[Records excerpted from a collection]
:::

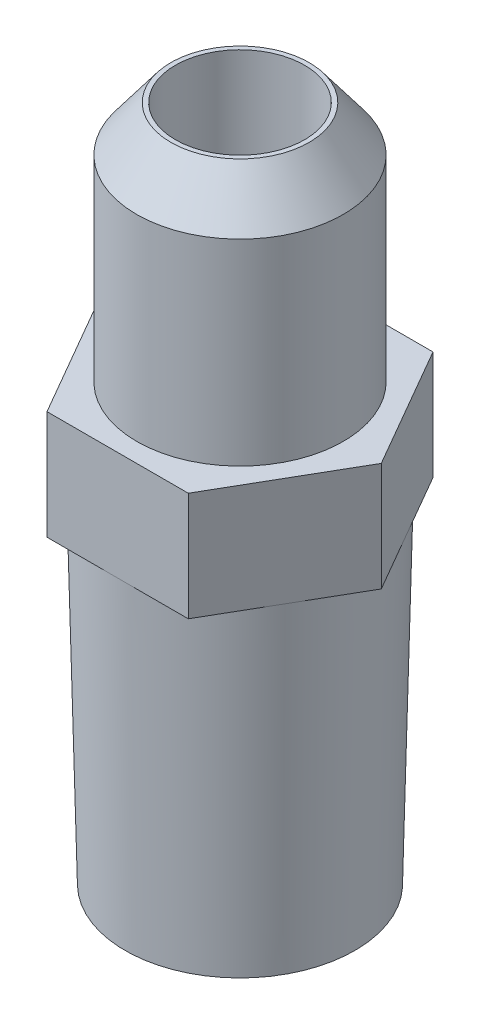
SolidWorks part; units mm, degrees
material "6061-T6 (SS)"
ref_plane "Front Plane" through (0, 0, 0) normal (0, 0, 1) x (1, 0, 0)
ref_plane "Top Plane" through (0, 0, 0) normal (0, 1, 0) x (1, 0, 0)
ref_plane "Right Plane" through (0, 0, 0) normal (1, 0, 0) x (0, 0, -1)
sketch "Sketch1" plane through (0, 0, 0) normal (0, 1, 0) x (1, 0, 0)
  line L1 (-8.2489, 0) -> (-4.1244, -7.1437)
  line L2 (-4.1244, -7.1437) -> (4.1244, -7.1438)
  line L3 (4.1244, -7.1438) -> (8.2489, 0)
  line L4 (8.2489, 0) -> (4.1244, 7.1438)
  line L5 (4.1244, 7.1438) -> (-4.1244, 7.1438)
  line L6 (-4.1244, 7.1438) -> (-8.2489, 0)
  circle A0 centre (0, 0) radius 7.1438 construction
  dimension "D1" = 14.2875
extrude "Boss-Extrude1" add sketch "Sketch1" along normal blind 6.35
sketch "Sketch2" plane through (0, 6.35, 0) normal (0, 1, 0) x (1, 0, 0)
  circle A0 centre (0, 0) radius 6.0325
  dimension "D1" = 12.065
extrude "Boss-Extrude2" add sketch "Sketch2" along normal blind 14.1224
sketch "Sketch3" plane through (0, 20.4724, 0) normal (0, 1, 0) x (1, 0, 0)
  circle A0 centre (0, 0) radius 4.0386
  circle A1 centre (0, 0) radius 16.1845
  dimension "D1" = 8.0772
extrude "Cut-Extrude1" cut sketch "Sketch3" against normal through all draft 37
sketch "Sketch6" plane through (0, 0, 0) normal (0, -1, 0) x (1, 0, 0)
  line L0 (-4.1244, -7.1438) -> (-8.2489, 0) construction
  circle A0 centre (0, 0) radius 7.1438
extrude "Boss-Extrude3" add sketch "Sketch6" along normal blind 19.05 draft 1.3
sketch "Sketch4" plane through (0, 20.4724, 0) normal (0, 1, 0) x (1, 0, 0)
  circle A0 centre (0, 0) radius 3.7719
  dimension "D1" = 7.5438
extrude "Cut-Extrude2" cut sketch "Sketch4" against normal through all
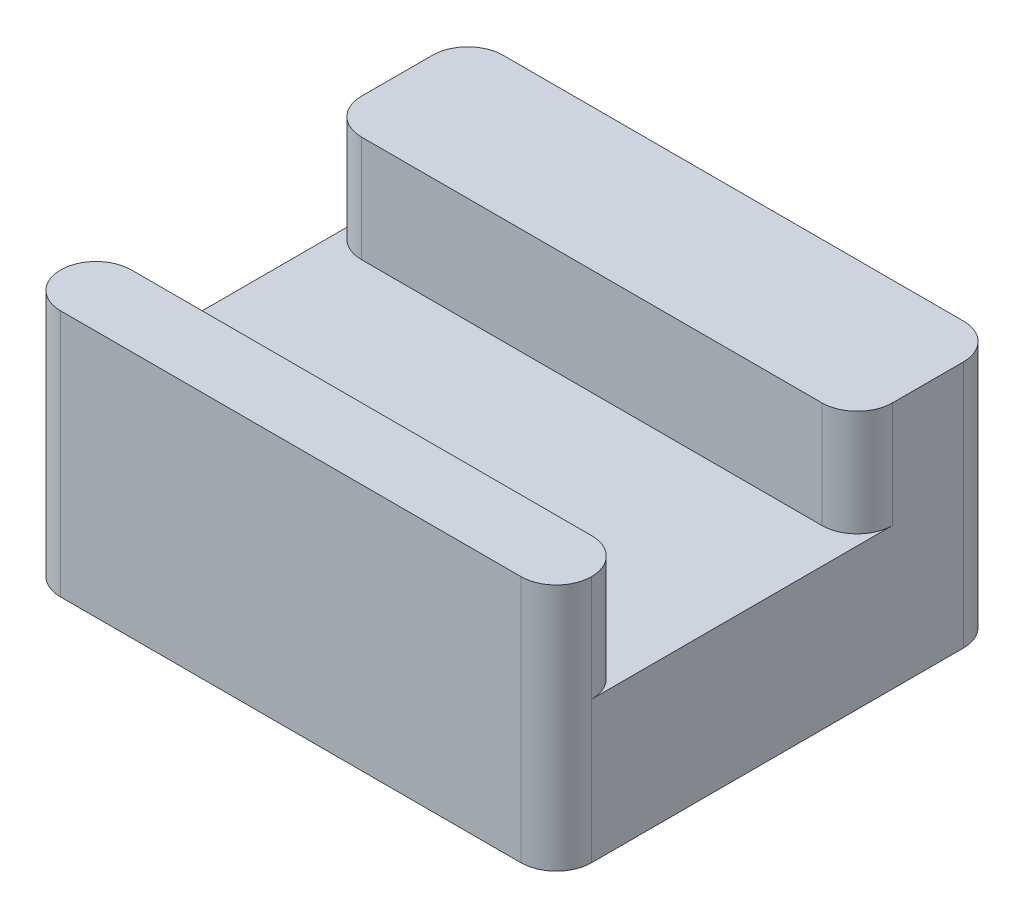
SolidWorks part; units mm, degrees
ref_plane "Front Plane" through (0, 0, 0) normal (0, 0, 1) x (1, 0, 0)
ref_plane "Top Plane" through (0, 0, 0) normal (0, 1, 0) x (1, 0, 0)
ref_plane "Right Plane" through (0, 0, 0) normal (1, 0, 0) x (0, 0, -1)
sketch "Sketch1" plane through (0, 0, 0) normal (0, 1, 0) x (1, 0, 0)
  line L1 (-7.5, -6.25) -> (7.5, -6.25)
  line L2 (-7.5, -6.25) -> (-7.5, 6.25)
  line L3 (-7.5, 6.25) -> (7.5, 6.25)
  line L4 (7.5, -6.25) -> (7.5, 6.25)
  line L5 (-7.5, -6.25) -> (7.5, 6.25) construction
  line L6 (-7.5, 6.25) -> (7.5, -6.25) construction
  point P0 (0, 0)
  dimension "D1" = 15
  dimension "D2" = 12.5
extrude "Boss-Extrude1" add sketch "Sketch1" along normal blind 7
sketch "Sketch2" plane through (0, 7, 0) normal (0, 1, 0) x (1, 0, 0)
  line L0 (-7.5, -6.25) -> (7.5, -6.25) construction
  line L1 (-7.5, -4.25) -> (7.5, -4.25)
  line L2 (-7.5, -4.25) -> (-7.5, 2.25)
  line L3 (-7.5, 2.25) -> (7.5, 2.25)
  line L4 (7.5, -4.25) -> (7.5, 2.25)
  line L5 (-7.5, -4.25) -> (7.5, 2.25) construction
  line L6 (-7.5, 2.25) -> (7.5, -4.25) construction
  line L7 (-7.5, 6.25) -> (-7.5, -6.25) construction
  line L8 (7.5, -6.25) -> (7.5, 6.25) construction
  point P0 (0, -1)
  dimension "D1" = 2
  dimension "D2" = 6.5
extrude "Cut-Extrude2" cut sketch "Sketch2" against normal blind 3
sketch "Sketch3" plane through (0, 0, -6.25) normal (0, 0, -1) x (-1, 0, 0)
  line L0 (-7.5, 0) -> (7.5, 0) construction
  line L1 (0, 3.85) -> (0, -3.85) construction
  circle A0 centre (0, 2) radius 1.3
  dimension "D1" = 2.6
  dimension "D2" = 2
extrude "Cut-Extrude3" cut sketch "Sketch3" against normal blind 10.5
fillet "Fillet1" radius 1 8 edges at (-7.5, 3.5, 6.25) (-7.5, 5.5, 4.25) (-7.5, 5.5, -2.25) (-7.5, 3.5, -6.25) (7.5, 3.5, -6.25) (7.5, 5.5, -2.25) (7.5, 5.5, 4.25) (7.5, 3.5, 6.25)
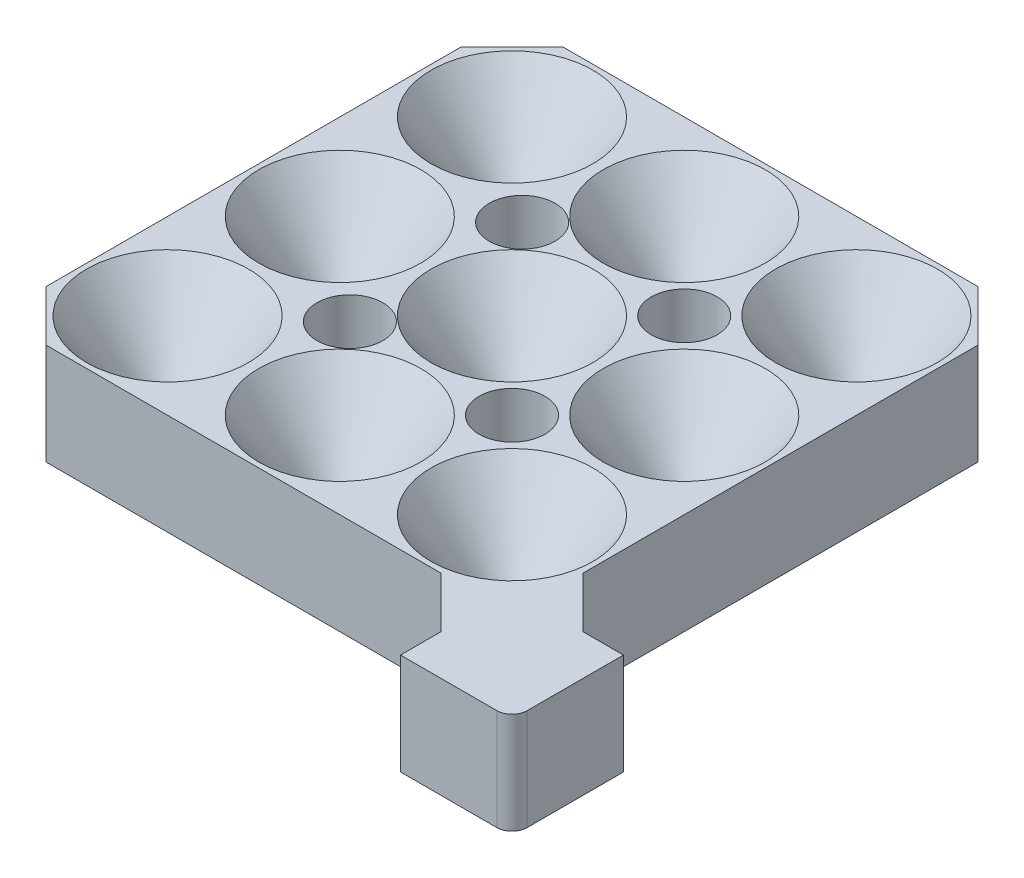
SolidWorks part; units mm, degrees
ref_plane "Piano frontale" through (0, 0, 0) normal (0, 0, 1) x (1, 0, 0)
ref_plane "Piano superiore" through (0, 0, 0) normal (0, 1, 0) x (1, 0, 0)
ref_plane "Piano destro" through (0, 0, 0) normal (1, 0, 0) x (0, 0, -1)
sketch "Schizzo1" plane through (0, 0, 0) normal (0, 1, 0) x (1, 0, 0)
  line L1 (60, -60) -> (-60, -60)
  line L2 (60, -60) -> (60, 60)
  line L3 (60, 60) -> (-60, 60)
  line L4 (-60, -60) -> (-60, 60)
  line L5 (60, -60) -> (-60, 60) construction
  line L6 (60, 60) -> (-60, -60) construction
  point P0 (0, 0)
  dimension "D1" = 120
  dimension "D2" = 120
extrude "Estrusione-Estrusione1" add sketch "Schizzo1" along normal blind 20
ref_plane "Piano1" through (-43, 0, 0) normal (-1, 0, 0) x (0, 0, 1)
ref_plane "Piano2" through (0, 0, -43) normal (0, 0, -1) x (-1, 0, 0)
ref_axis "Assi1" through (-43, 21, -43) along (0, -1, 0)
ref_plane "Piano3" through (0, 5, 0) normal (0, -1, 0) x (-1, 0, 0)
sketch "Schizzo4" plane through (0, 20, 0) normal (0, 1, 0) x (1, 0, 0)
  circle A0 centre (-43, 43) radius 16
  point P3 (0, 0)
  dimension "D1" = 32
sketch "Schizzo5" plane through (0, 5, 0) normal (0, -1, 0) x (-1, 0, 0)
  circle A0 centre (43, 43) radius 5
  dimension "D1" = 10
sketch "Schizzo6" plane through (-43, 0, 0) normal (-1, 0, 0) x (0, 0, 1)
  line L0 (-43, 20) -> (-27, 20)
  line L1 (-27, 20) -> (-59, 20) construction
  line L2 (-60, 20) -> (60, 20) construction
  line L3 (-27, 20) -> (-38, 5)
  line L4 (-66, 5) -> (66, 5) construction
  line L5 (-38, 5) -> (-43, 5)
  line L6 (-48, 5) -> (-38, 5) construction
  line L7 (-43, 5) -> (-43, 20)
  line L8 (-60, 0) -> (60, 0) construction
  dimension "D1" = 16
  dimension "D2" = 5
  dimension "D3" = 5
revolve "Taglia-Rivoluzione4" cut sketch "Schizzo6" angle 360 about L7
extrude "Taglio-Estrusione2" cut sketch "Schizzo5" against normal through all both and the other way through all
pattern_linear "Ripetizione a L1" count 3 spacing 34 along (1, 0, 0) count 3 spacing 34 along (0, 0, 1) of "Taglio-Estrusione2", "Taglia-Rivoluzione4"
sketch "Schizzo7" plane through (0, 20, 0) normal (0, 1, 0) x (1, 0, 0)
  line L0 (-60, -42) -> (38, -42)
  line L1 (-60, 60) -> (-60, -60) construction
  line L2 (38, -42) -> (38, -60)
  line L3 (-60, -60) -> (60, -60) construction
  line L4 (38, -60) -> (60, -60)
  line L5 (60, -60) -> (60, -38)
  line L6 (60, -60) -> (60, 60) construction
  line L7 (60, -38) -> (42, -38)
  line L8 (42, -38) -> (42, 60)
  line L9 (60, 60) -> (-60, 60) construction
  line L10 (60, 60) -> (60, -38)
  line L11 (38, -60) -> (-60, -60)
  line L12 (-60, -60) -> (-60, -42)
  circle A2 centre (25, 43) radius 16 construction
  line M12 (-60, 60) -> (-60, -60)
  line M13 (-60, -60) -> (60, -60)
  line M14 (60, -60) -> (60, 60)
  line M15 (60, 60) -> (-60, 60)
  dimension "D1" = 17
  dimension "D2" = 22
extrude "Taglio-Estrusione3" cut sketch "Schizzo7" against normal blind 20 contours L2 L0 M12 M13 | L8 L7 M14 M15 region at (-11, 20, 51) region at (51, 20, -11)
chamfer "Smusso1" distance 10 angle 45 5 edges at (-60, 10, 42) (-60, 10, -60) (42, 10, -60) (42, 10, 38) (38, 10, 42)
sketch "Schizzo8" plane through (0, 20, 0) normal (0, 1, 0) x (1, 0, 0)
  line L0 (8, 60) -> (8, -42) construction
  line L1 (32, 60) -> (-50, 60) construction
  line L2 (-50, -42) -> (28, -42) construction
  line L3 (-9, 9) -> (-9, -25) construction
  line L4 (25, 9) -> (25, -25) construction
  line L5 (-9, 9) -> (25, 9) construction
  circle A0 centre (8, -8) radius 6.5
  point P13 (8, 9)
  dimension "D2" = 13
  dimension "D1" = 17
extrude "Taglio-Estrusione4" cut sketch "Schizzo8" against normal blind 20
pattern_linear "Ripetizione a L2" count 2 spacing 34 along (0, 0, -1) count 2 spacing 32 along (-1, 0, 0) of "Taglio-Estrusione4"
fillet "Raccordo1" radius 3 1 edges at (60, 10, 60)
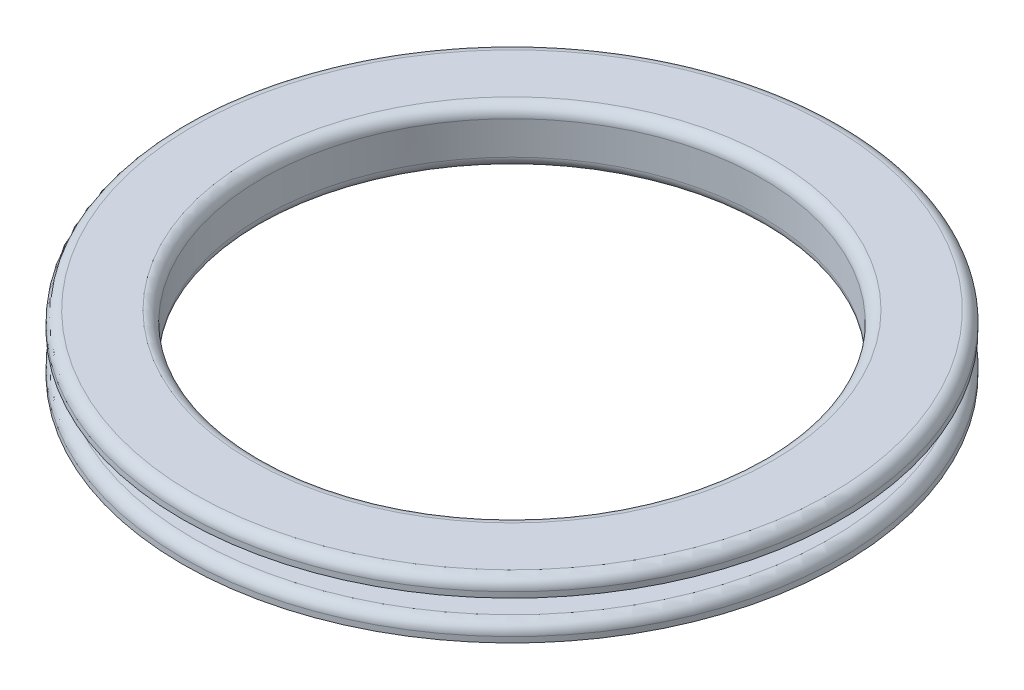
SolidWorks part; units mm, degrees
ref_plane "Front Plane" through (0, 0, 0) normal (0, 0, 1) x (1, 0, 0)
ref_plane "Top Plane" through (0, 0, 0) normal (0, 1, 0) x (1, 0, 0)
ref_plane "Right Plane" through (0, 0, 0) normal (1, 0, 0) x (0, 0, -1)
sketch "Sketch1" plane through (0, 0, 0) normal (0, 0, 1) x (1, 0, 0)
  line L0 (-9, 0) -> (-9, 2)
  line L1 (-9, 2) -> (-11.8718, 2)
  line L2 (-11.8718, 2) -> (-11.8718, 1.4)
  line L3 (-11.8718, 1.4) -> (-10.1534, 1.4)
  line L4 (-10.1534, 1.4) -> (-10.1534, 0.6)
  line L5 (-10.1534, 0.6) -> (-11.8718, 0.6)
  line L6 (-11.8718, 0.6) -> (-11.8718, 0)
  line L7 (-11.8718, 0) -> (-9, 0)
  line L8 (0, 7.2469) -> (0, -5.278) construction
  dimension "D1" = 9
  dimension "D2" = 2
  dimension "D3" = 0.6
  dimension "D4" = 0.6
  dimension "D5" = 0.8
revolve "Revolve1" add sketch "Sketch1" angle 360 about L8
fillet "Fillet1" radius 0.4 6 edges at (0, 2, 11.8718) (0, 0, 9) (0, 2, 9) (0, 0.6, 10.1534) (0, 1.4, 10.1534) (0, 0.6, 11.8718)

:::

Your assignment. Look above for the line with "line L5 (60, -60) -> (60, -38)" and the line with "line L5 (-9, 9) -> (25, 9) construction", and reproduce exactly those two lines plus every line between, nothing more.

Exercise response.
  line L5 (60, -60) -> (60, -38)
  line L6 (60, -60) -> (60, 60) construction
  line L7 (60, -38) -> (42, -38)
  line L8 (42, -38) -> (42, 60)
  line L9 (60, 60) -> (-60, 60) construction
  line L10 (60, 60) -> (60, -38)
  line L11 (38, -60) -> (-60, -60)
  line L12 (-60, -60) -> (-60, -42)
  circle A2 centre (25, 43) radius 16 construction
  line M12 (-60, 60) -> (-60, -60)
  line M13 (-60, -60) -> (60, -60)
  line M14 (60, -60) -> (60, 60)
  line M15 (60, 60) -> (-60, 60)
  dimension "D1" = 17
  dimension "D2" = 22
extrude "Taglio-Estrusione3" cut sketch "Schizzo7" against normal blind 20 contours L2 L0 M12 M13 | L8 L7 M14 M15 region at (-11, 20, 51) region at (51, 20, -11)
chamfer "Smusso1" distance 10 angle 45 5 edges at (-60, 10, 42) (-60, 10, -60) (42, 10, -60) (42, 10, 38) (38, 10, 42)
sketch "Schizzo8" plane through (0, 20, 0) normal (0, 1, 0) x (1, 0, 0)
  line L0 (8, 60) -> (8, -42) construction
  line L1 (32, 60) -> (-50, 60) construction
  line L2 (-50, -42) -> (28, -42) construction
  line L3 (-9, 9) -> (-9, -25) construction
  line L4 (25, 9) -> (25, -25) construction
  line L5 (-9, 9) -> (25, 9) construction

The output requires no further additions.